ChIP, PAT-ChIP and MIRA assays

ChIP and PAT-ChIP assays were performed as described. Briefly, the chromatin obtained from 12 × 106 cells or 5 × 10-µm-thick FFPE tissue sections was sonicated to obtain 200−400 bp chromatin fragments, then immunoprecipitated at 4°C overnight with the following antibodies: anti-H3, anti-H3K27ac and anti-H3K4me1 (Abcam), anti-H3K4me3 (Active Motif), anti-H3K27me3, anti-NF-κB p65 (RelA), anti-EZH2 and anti-SUZ12 (Millipore-Upstate), anti-Pol II (N-20), anti TAF II p250, and anti STAT3 (C-20) (Santa Cruz biochemistry). Rabbit IgG (Millipore) was used as negative control. The immunoprecipitated DNA was analyzed by RT-PCR, using the primers listed in Table S1. Signals obtained from the ChIP samples were normalized on signals obtained from corresponding input, according to the formula 100 × 2ˆ(input Ct−sample Ct), and then expressed as fold change relative to IgG. MIRA assay was performed as described, using primers listed in Table S1.

Tissue samples

Paraffin-embedded tissues from oncologic Caucasian patients who underwent resection surgery at Humanitas Clinical and Research Center were examined for PTX3 gene epigenetic modification. The study included the following cases: 3 angiomyosarcomas, 5 leiomyosarcomas, 5 synovial sarcomas, 5 solitary fibrous tumors, 5 chordomas, 5 gastrointestinal stromal tumors, 3 desmoid tumors, 6 squamous cell carcinoma, 5 high-grade adenomas, 10 stage I, 10 stage II, 10 stage III, and 10 stage IV CRC. The Institutional Review Board approved this study.

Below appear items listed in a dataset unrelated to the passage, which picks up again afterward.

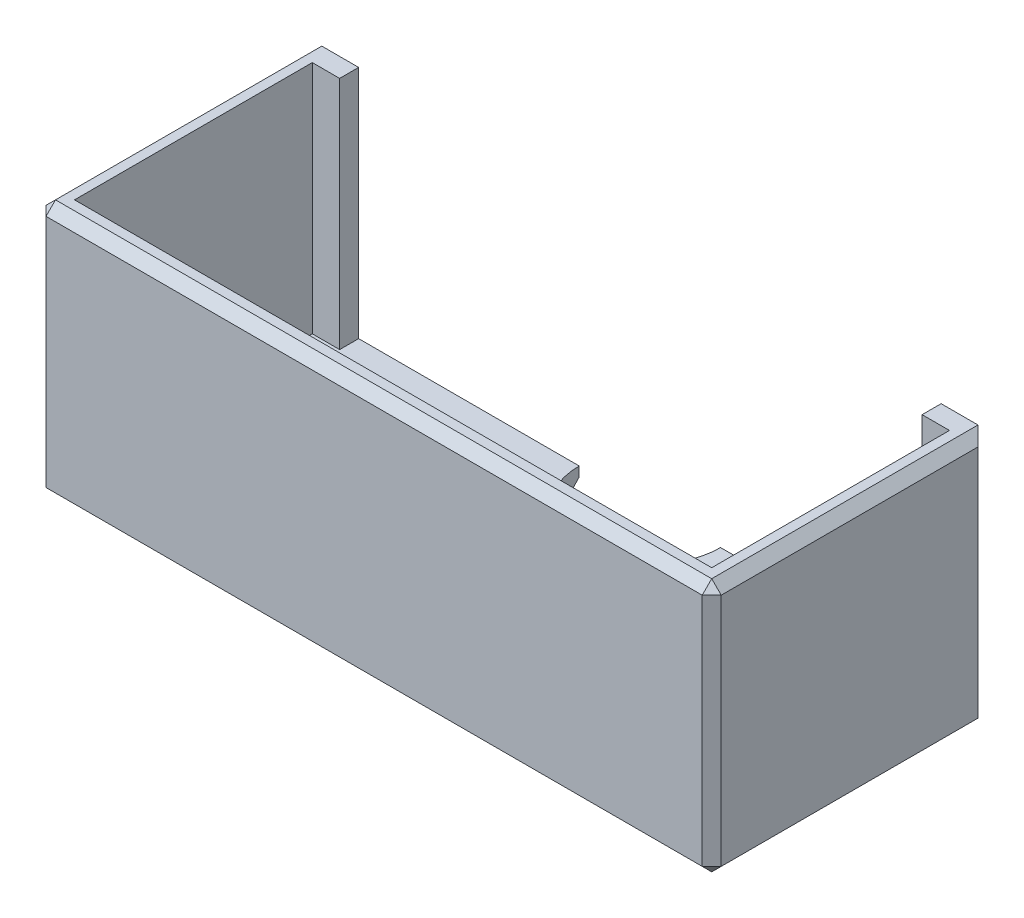
ISO-10303-21;
HEADER;
FILE_DESCRIPTION(('STEP AP214'),'2;1');
FILE_NAME('part.step','',(''),(''),'','','');
FILE_SCHEMA(('AUTOMOTIVE_DESIGN { 1 0 10303 214 1 1 1 1 }'));
ENDSEC;
DATA;
#1=APPLICATION_CONTEXT('core data for automotive mechanical design processes');
#2=APPLICATION_PROTOCOL_DEFINITION('international standard','automotive_design',2000,#1);
#3=PRODUCT_CONTEXT('',#1,'mechanical');
#4=PRODUCT('Part','Part','',(#3));
#5=PRODUCT_RELATED_PRODUCT_CATEGORY('part','',(#4));
#6=PRODUCT_DEFINITION_FORMATION('','',#4);
#7=PRODUCT_DEFINITION_CONTEXT('part definition',#1,'design');
#8=PRODUCT_DEFINITION('design','',#6,#7);
#9=PRODUCT_DEFINITION_SHAPE('','',#8);
#10=(LENGTH_UNIT() NAMED_UNIT(*) SI_UNIT(.MILLI.,.METRE.));
#11=(NAMED_UNIT(*) PLANE_ANGLE_UNIT() SI_UNIT($,.RADIAN.));
#12=(NAMED_UNIT(*) SI_UNIT($,.STERADIAN.) SOLID_ANGLE_UNIT());
#13=UNCERTAINTY_MEASURE_WITH_UNIT(LENGTH_MEASURE(1.E-05),#10,'distance_accuracy_value','');
#14=(GEOMETRIC_REPRESENTATION_CONTEXT(3) GLOBAL_UNCERTAINTY_ASSIGNED_CONTEXT((#13)) GLOBAL_UNIT_ASSIGNED_CONTEXT((#10,
#11,#12)) REPRESENTATION_CONTEXT('',''));
#15=CARTESIAN_POINT('',(0.,0.,0.));
#16=DIRECTION('',(0.,0.,1.));
#17=DIRECTION('',(1.,0.,0.));
#18=AXIS2_PLACEMENT_3D('',#15,#16,#17);
#19=CARTESIAN_POINT('',(0.,-24.7,-14.5));
#20=DIRECTION('',(0.,0.,-1.));
#21=DIRECTION('',(-1.,0.,0.));
#22=AXIS2_PLACEMENT_3D('',#19,#20,#21);
#23=PLANE('',#22);
#24=DIRECTION('',(0.,-1.,0.));
#25=VECTOR('',#24,1.);
#26=CARTESIAN_POINT('',(34.5,-24.7,-14.5));
#27=LINE('',#26,#25);
#28=CARTESIAN_POINT('',(34.5,0.,-14.5));
#29=VERTEX_POINT('',#28);
#30=CARTESIAN_POINT('',(34.5,-25.7,-14.5));
#31=VERTEX_POINT('',#30);
#32=EDGE_CURVE('E385',#29,#31,#27,.T.);
#33=ORIENTED_EDGE('',*,*,#32,.T.);
#34=DIRECTION('',(-1.,0.,0.));
#35=VECTOR('',#34,1.);
#36=CARTESIAN_POINT('',(0.,-25.7,-14.5));
#37=LINE('',#36,#35);
#38=CARTESIAN_POINT('',(7.43000000000001,-25.7,-14.5));
#39=VERTEX_POINT('',#38);
#40=EDGE_CURVE('E388',#31,#39,#37,.T.);
#41=ORIENTED_EDGE('',*,*,#40,.T.);
#42=DIRECTION('',(0.,1.,0.));
#43=VECTOR('',#42,1.);
#44=CARTESIAN_POINT('',(7.43000000000001,-26.7,-14.5));
#45=LINE('',#44,#43);
#46=CARTESIAN_POINT('',(7.43000000000001,-24.7,-14.5));
#47=VERTEX_POINT('',#46);
#48=EDGE_CURVE('E229',#39,#47,#45,.T.);
#49=ORIENTED_EDGE('',*,*,#48,.T.);
#50=DIRECTION('',(1.,0.,0.));
#51=VECTOR('',#50,1.);
#52=CARTESIAN_POINT('',(0.,-24.7,-14.5));
#53=LINE('',#52,#51);
#54=CARTESIAN_POINT('',(30.6233449090592,-24.7,-14.5));
#55=VERTEX_POINT('',#54);
#56=EDGE_CURVE('E240',#47,#55,#53,.T.);
#57=ORIENTED_EDGE('',*,*,#56,.T.);
#58=DIRECTION('',(0.,-1.,0.));
#59=VECTOR('',#58,1.);
#60=CARTESIAN_POINT('',(30.6233449090592,-24.7,-14.5));
#61=LINE('',#60,#59);
#62=CARTESIAN_POINT('',(30.6233449090592,0.,-14.5));
#63=VERTEX_POINT('',#62);
#64=EDGE_CURVE('E269',#63,#55,#61,.T.);
#65=ORIENTED_EDGE('',*,*,#64,.F.);
#66=DIRECTION('',(-1.,0.,0.));
#67=VECTOR('',#66,1.);
#68=CARTESIAN_POINT('',(0.,0.,-14.5));
#69=LINE('',#68,#67);
#70=EDGE_CURVE('E319',#29,#63,#69,.T.);
#71=ORIENTED_EDGE('',*,*,#70,.F.);
#72=EDGE_LOOP('',(#33,#41,#49,#57,#65,#71));
#73=FACE_BOUND('',#72,.T.);
#74=ADVANCED_FACE('F67',(#73),#23,.T.);
#75=CARTESIAN_POINT('',(-33.5,-24.7,-12.5));
#76=DIRECTION('',(0.,0.,-1.));
#77=DIRECTION('',(-1.,0.,0.));
#78=AXIS2_PLACEMENT_3D('',#75,#76,#77);
#79=PLANE('',#78);
#80=DIRECTION('',(-1.,0.,0.));
#81=VECTOR('',#80,1.);
#82=CARTESIAN_POINT('',(-33.5,0.,-12.5));
#83=LINE('',#82,#81);
#84=CARTESIAN_POINT('',(33.5,0.,-12.5));
#85=VERTEX_POINT('',#84);
#86=CARTESIAN_POINT('',(30.6233449090592,0.,-12.5));
#87=VERTEX_POINT('',#86);
#88=EDGE_CURVE('E294',#85,#87,#83,.T.);
#89=ORIENTED_EDGE('',*,*,#88,.T.);
#90=DIRECTION('',(0.,-1.,0.));
#91=VECTOR('',#90,1.);
#92=CARTESIAN_POINT('',(30.6233449090592,-24.7,-12.5));
#93=LINE('',#92,#91);
#94=CARTESIAN_POINT('',(30.6233449090592,-24.7,-12.5));
#95=VERTEX_POINT('',#94);
#96=EDGE_CURVE('E326',#87,#95,#93,.T.);
#97=ORIENTED_EDGE('',*,*,#96,.T.);
#98=DIRECTION('',(-1.,0.,0.));
#99=VECTOR('',#98,1.);
#100=CARTESIAN_POINT('',(-33.5,-24.7,-12.5));
#101=LINE('',#100,#99);
#102=CARTESIAN_POINT('',(33.5,-24.7,-12.5));
#103=VERTEX_POINT('',#102);
#104=EDGE_CURVE('E279',#103,#95,#101,.T.);
#105=ORIENTED_EDGE('',*,*,#104,.F.);
#106=DIRECTION('',(0.,1.,0.));
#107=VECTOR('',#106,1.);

Adenoma laser microdissection was performed as described.

Statistical analysis

Statistical analysis was performed using the Student's t-test and ANOVA; a value of p < 0.05 was considered statistically significant. In DNA methylation studies on cancer samples, outliers were identified and eliminated using GraphPad Prism version 6. Statistics were calculated with GraphPad Prism version 6 (GraphPad Software).